I was looking for a Bad Boy, but couldnt find one in my size as they were all out of stock. I ended up settling on the Trek PDX which doesn't have a great component set, but gets the job done for less money! It also doesn't have a front shock.


----------



## AndrwSwitch (Nov 8, 2007)

New mountain bike, and some slick, inverted tread tires or racing tires - whatever works for the amount of pavement vs. dirt you ride. If you really want the 700C wheels, either get a 29er or get a 26" bike and a set of road wheels for it. 26" bikes don't fit especially big road tires, although how big is going to depend on the frame. I think a 29er with skinny road tires is a little wrong, in a similar way to a 26" bike with really little slicks. (Not that I wouldn't do it, of course.)


----------



## Brtrooper06 (Jun 23, 2011)

Sounds like you're drawn to the Montare and Bad Boy because of their flat black paint schemes.
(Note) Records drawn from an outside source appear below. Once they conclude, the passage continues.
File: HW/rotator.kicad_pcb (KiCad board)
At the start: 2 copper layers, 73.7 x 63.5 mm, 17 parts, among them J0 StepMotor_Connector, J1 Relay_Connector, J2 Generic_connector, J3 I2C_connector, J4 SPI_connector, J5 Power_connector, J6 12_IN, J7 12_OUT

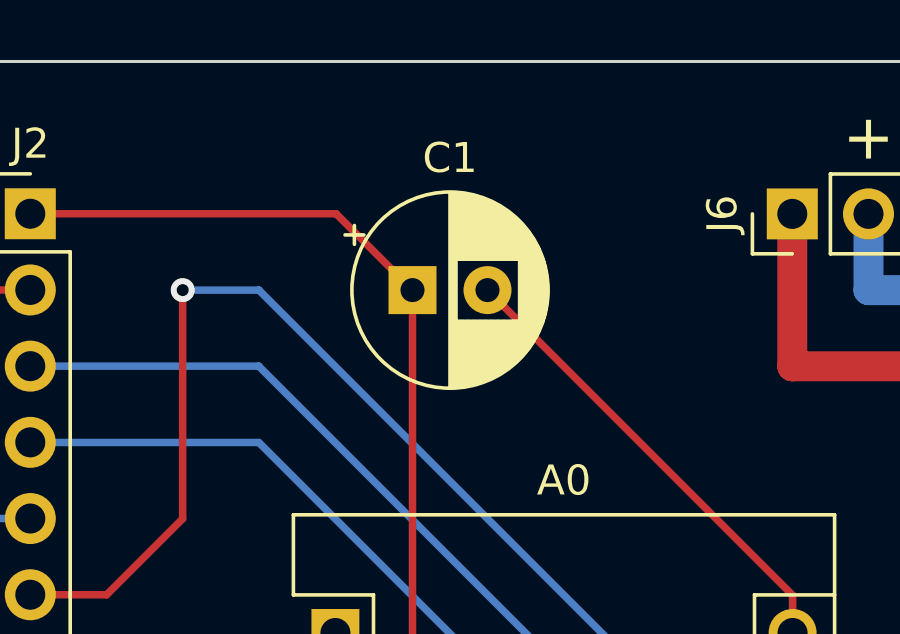
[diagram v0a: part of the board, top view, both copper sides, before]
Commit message: Fixed C1 polarization in DPS
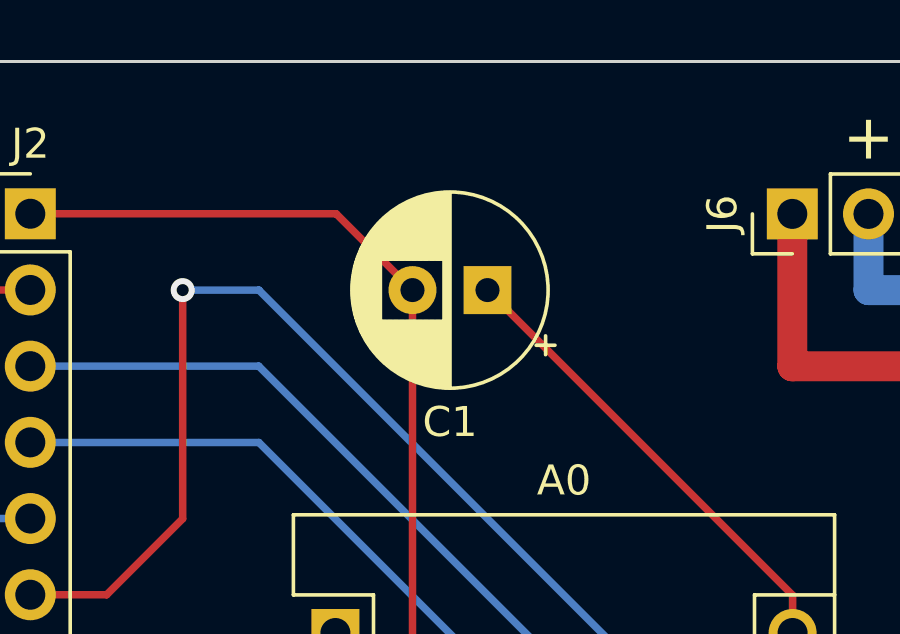
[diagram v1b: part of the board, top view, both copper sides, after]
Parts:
- moved C1 2.50 mm to (101.6, 71.1), turned to 180 degrees
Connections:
- C1 pad 1: GND -> VIN
- C1 pad 2: VIN -> GND
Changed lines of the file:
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@@
   )
   (footprint "Capacitor_THT:CP_Radial_D6.3mm_P2.50mm" (layer "F.Cu")
-    (at 99.1 71.12)
+    (at 101.6 71.12 180)
     (descr "CP, Radial series, Radial, pin pitch=2.50mm, , diameter=6.3mm, Electrolytic Capacitor")
     (tags "CP Radial series Radial pin pitch 2.50mm  diameter 6.3mm Electrolytic Capacitor")
@@
     (fp_line (start -1.443972 -1.3735) (end -0.813972 -1.3735) (layer "F.Fab") (width 0.1))
     (fp_circle (center 1.25 0) (end 4.4 0) (layer "F.Fab") (width 0.1) (fill none))
-    (pad "1" thru_hole rect (at 0 0) (size 1.6 1.6) (drill 0.8) (layers *.Cu *.Mask)
+    (pad "1" thru_hole rect (at 0 0 180) (size 1.6 1.6) (drill 0.8) (layers *.Cu *.Mask)
+      (net 28 "VIN") (pintype "passive"))
+    (pad "2" thru_hole circle (at 2.5 0 180) (size 1.6 1.6) (drill 0.8) (layers *.Cu *.Mask)
       (net 4 "GND") (pintype "passive"))
-    (pad "2" thru_hole circle (at 2.5 0) (size 1.6 1.6) (drill 0.8) (layers *.Cu *.Mask)
-      (net 28 "VIN") (pintype "passive"))
     (model "${KICAD6_3DMODEL_DIR}/Capacitor_THT.3dshapes/CP_Radial_D6.3mm_P2.50mm.wrl"
       (offset (xyz 0 0 0))
@@
   )
   (segment (start 101.61 85.09) (end 99.1 87.6) (width 0.25) (layer "F.Cu") (net 4))
-  (segment (start 99.1 71.12) (end 99.1 87.6) (width 0.25) (layer "F.Cu") (net 4))
   (segment (start 142.24 114.3) (end 138.43 110.49) (width 0.25) (layer "F.Cu") (net 4))
   (segment (start 86.36 68.575) (end 96.555 68.575) (width 0.25) (layer "F.Cu") (net 4))
   (segment (start 143.52 115.58) (end 143.52 119.38) (width 0.25) (layer "F.Cu") (net 4))
   (segment (start 111.77 85.09) (end 101.61 85.09) (width 0.25) (layer "F.Cu") (net 4))
+  (segment (start 96.555 68.575) (end 99.1 71.12) (width 0.25) (layer "F.Cu") (net 4))
   (segment (start 128.27 110.49) (end 133.34 110.49) (width 0.25) (layer "F.Cu") (net 4))
   (segment (start 86.36 118.12) (end 90.16 121.92) (width 0.25) (layer "F.Cu") (net 4))
-  (segment (start 96.555 68.575) (end 99.1 71.12) (width 0.25) (layer "F.Cu") (net 4))
   (segment (start 127 121.92) (end 128.28 120.64) (width 0.25) (layer "F.Cu") (net 4))
   (segment (start 111.77 85.09) (end 120.65 85.09) (width 0.25) (layer "F.Cu") (net 4))
@@
   (segment (start 138.43 110.49) (end 133.34 110.49) (width 0.25) (layer "F.Cu") (net 4))
   (segment (start 142.24 114.3) (end 143.52 115.58) (width 0.25) (layer "F.Cu") (net 4))
+  (segment (start 99.1 71.12) (end 99.1 87.6) (width 0.25) (layer "F.Cu") (net 4))
   (segment (start 86.36 90.17) (end 96.53 90.17) (width 0.25) (layer "F.Cu") (net 4))
   (segment (start 120.65 85.09) (end 124.46 88.9) (width 0.25) (layer "F.Cu") (net 4))

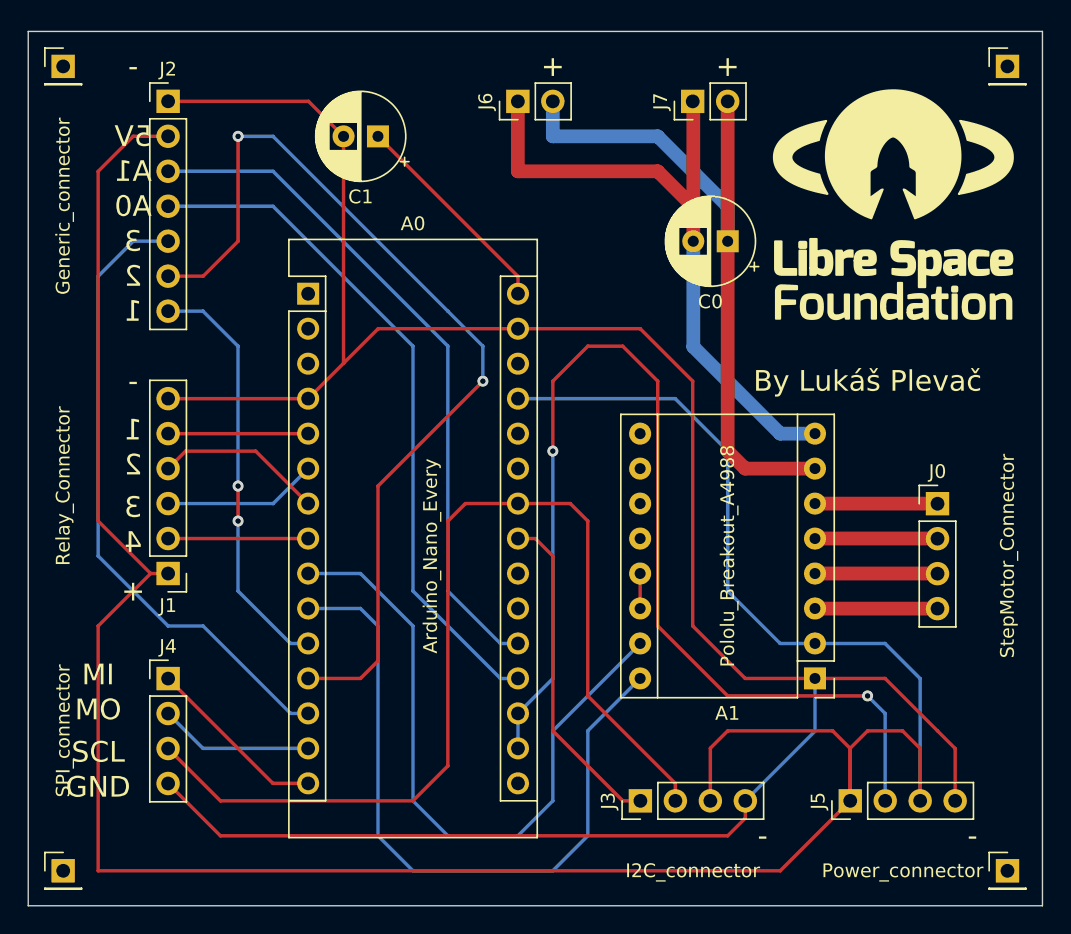
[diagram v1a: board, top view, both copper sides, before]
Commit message: Fixed capacitator C0 polarization
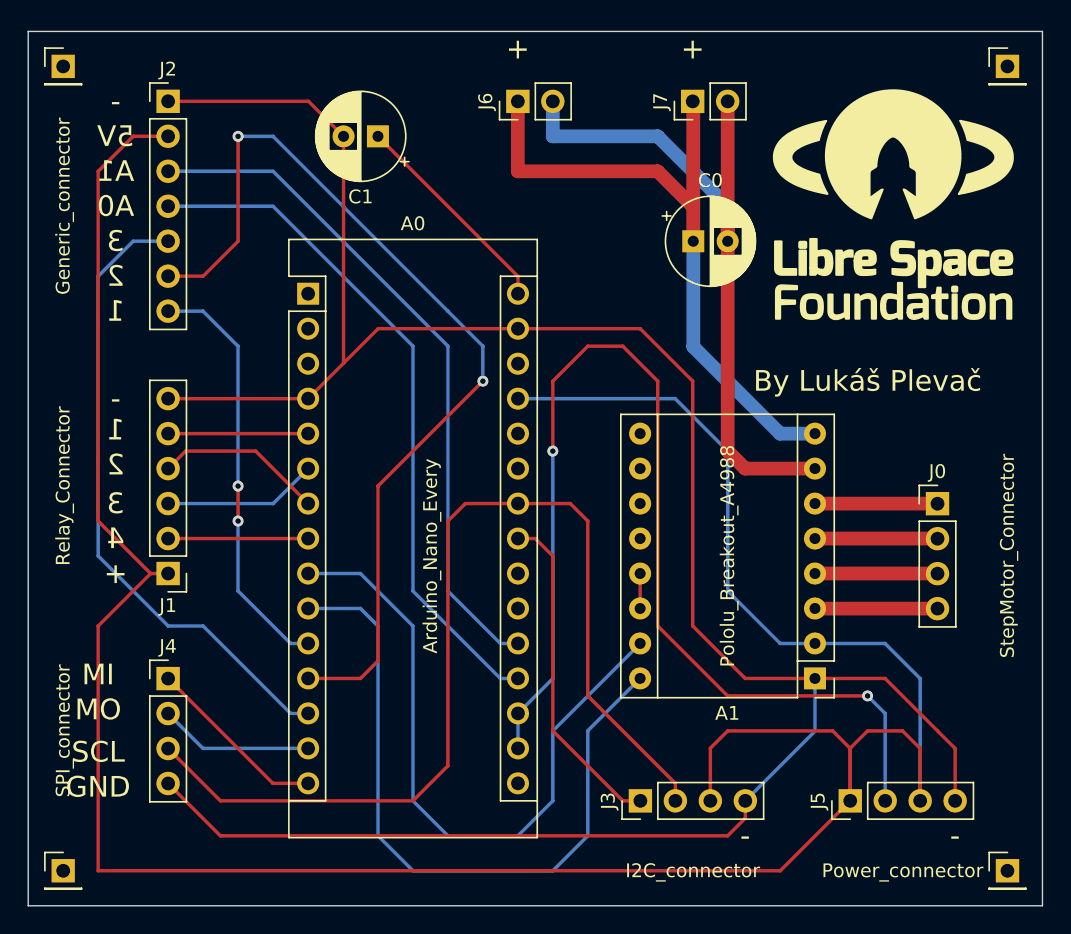
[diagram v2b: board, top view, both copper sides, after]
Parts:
- moved C0 2.50 mm to (124.5, 78.7), turned to 0 degrees
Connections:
- C0 pad 1: GND_12V -> 12V
- C0 pad 2: 12V -> GND_12V
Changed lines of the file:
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@@
   )
   (footprint "Capacitor_THT:CP_Radial_D6.3mm_P2.50mm" (layer "F.Cu")
-    (at 127 78.74 180)
+    (at 124.5 78.74)
     (descr "CP, Radial series, Radial, pin pitch=2.50mm, , diameter=6.3mm, Electrolytic Capacitor")
     (tags "CP Radial series Radial pin pitch 2.50mm  diameter 6.3mm Electrolytic Capacitor")
@@
     (fp_line (start -1.128972 -1.6885) (end -1.128972 -1.0585) (layer "F.Fab") (width 0.1))
     (fp_circle (center 1.25 0) (end 4.4 0) (layer "F.Fab") (width 0.1) (fill none))
-    (pad "1" thru_hole rect (at 0 0 180) (size 1.6 1.6) (drill 0.8) (layers *.Cu *.Mask)
-      (net 33 "GND_12V") (pintype "passive"))
-    (pad "2" thru_hole circle (at 2.5 0 180) (size 1.6 1.6) (drill 0.8) (layers *.Cu *.Mask)
+    (pad "1" thru_hole rect (at 0 0) (size 1.6 1.6) (drill 0.8) (layers *.Cu *.Mask)
       (net 34 "12V") (pintype "passive"))
+    (pad "2" thru_hole circle (at 2.5 0) (size 1.6 1.6) (drill 0.8) (layers *.Cu *.Mask)
+      (net 33 "GND_12V") (pintype "passive"))
     (model "${KICAD6_3DMODEL_DIR}/Capacitor_THT.3dshapes/CP_Radial_D6.3mm_P2.50mm.wrl"
       (offset (xyz 0 0 0))
@@
   (gr_line (start 76.2 63.5) (end 149.86 63.5) (layer "Edge.Cuts") (width 0.1))
   (gr_line (start 149.86 127) (end 76.2 127) (layer "Edge.Cuts") (width 0.1))
-  (gr_text "-" (at 83.82 66.04) (layer "F.SilkS")
+  (gr_text "-" (at 82.55 68.58) (layer "F.SilkS")
     (effects (font (size 1.5 1.5) (thickness 0.3)) (justify mirror))
   )
-  (gr_text "-" (at 83.82 88.9) (layer "F.SilkS")
+  (gr_text "-" (at 82.55 90.17) (layer "F.SilkS")
     (effects (font (size 1.5 1.5) (thickness 0.3)) (justify mirror))
   )
-  (gr_text "3\n" (at 83.82 78.74) (layer "F.SilkS")
+  (gr_text "3\n" (at 82.55 78.74) (layer "F.SilkS")
     (effects (font (size 1.5 1.5) (thickness 0.3)) (justify mirror))
   )
@@
     (effects (font (size 1.5 1.5) (thickness 0.3)))
   )
-  (gr_text "4\n" (at 83.82 100.6) (layer "F.SilkS")
+  (gr_text "4\n" (at 82.55 100.33) (layer "F.SilkS")
     (effects (font (size 1.5 1.5) (thickness 0.3)) (justify mirror))
   )
-  (gr_text "-" (at 144.78 121.92) (layer "F.SilkS")
+  (gr_text "-" (at 143.51 121.92) (layer "F.SilkS")
     (effects (font (size 1.5 1.5) (thickness 0.3)) (justify mirror))
   )
-  (gr_text "2" (at 83.82 81.28) (layer "F.SilkS")
+  (gr_text "2" (at 82.55 81.28) (layer "F.SilkS")
     (effects (font (size 1.5 1.5) (thickness 0.3)) (justify mirror))
   )
-  (gr_text "2" (at 83.82 94.98) (layer "F.SilkS")
+  (gr_text "2" (at 82.55 94.98) (layer "F.SilkS")
     (effects (font (size 1.5 1.5) (thickness 0.3)) (justify mirror))
   )
-  (gr_text "5V\n" (at 83.82 71.12) (layer "F.SilkS")
+  (gr_text "5V\n" (at 82.55 71.12) (layer "F.SilkS")
     (effects (font (size 1.5 1.5) (thickness 0.3)) (justify mirror))
   )
-  (gr_text "+" (at 114.3 66.04) (layer "F.SilkS")
+  (gr_text "+" (at 111.76 64.77) (layer "F.SilkS")
     (effects (font (size 1.5 1.5) (thickness 0.3)) (justify mirror))
   )
-  (gr_text "1" (at 83.82 92.44) (layer "F.SilkS")
+  (gr_text "1" (at 82.55 92.44) (layer "F.SilkS")
     (effects (font (size 1.5 1.5) (thickness 0.3)) (justify mirror))
   )
-  (gr_text "-" (at 129.54 121.92) (layer "F.SilkS")
+  (gr_text "-" (at 128.27 121.92) (layer "F.SilkS")
     (effects (font (size 1.5 1.5) (thickness 0.3)) (justify mirror))
   )
-  (gr_text "1\n" (at 83.82 83.82) (layer "F.SilkS")
+  (gr_text "1\n" (at 82.55 83.82) (layer "F.SilkS")
     (effects (font (size 1.5 1.5) (thickness 0.3)) (justify mirror))
   )
@@
     (effects (font (size 1.5 1.5) (thickness 0.3)))
   )
-  (gr_text "3\n" (at 83.82 98.06) (layer "F.SilkS")
+  (gr_text "3\n" (at 82.55 97.79) (layer "F.SilkS")
     (effects (font (size 1.5 1.5) (thickness 0.3)) (justify mirror))
   )
-  (gr_text "A0" (at 83.82 76.2) (layer "F.SilkS")
+  (gr_text "A0" (at 82.55 76.2) (layer "F.SilkS")
     (effects (font (size 1.5 1.5) (thickness 0.3)) (justify mirror))
   )
-  (gr_text "+" (at 83.82 104.14) (layer "F.SilkS")
+  (gr_text "+" (at 82.55 102.87) (layer "F.SilkS")
     (effects (font (size 1.5 1.5) (thickness 0.3)) (justify mirror))
   )
-  (gr_text "A1" (at 83.82 73.66) (layer "F.SilkS")
+  (gr_text "A1" (at 82.55 73.66) (layer "F.SilkS")
     (effects (font (size 1.5 1.5) (thickness 0.3)) (justify mirror))
   )
@@
     (effects (font (size 1.5 1.5) (thickness 0.3)))
   )
-  (gr_text "+" (at 127 66.04) (layer "F.SilkS")
+  (gr_text "+" (at 124.46 64.77) (layer "F.SilkS")
     (effects (font (size 1.5 1.5) (thickness 0.3)) (justify mirror))
   )

I would spend $760 on the Trek Utopia and then put about $300 into upgrading the components. The components on the Montare and Utopia are both equally crappy and the frames are the same.

Only real difference between the two is HYDRO brakes vs MECH brakes and they are both very bad quality ones at that.

I ride a Utopia to work 5 days a week (7 mi one way), all paved and I could not be happier.

When I was looking at bikes I came down to the Montare/Utopia vs Bad Boy as well and picked the Trek after riding them. Just liked the way it felt better and because the Cannondale Dealer around only wants to help you if you are buying a $4000 road bike.


----------



## jseko (Jan 25, 2011)

I had considered those in the past also and ended up with a Marin Point Reyes 29er. It has a carbon fork instead of suspension though.


----------



## marchone (Aug 16, 2011)

Brtrooper06 said:


> I would spend $760 on the Trek Utopia and then put about $300 into upgrading the components. The components on the Montare and Utopia are both equally crappy and the frames are the same.


Hi. Newbie here.

What exactly have you upgraded or want to upgrade? I may do the same as I have been looking at Montaro and Mendota.

Thanks!


----------



## jseko (Jan 25, 2011)

marchone said:


> Hi. Newbie here.
> 
> What exactly have you upgraded or want to upgrade? I may do the same as I have been looking at Montaro and Mendota.
> 
> Thanks!


On the Montare and Mendota, I'd probably change out the crank. But then again, I might just wait until it wears out to change which might be years down the line. The Alivio crank isn't the lightest compared to say Deore or LX, but it is perfectly usable. Personally I'm happy with Deore setup on my commuter since it's perfectly serviceable. I'm sure others will argue otherwise. Deore isn't the best or lightest either, but sitting at the bottom range of the enthusiast component group, it's components present a good value and are a workhorse. Deore components are those starting with number 5, eg M590 derailleur.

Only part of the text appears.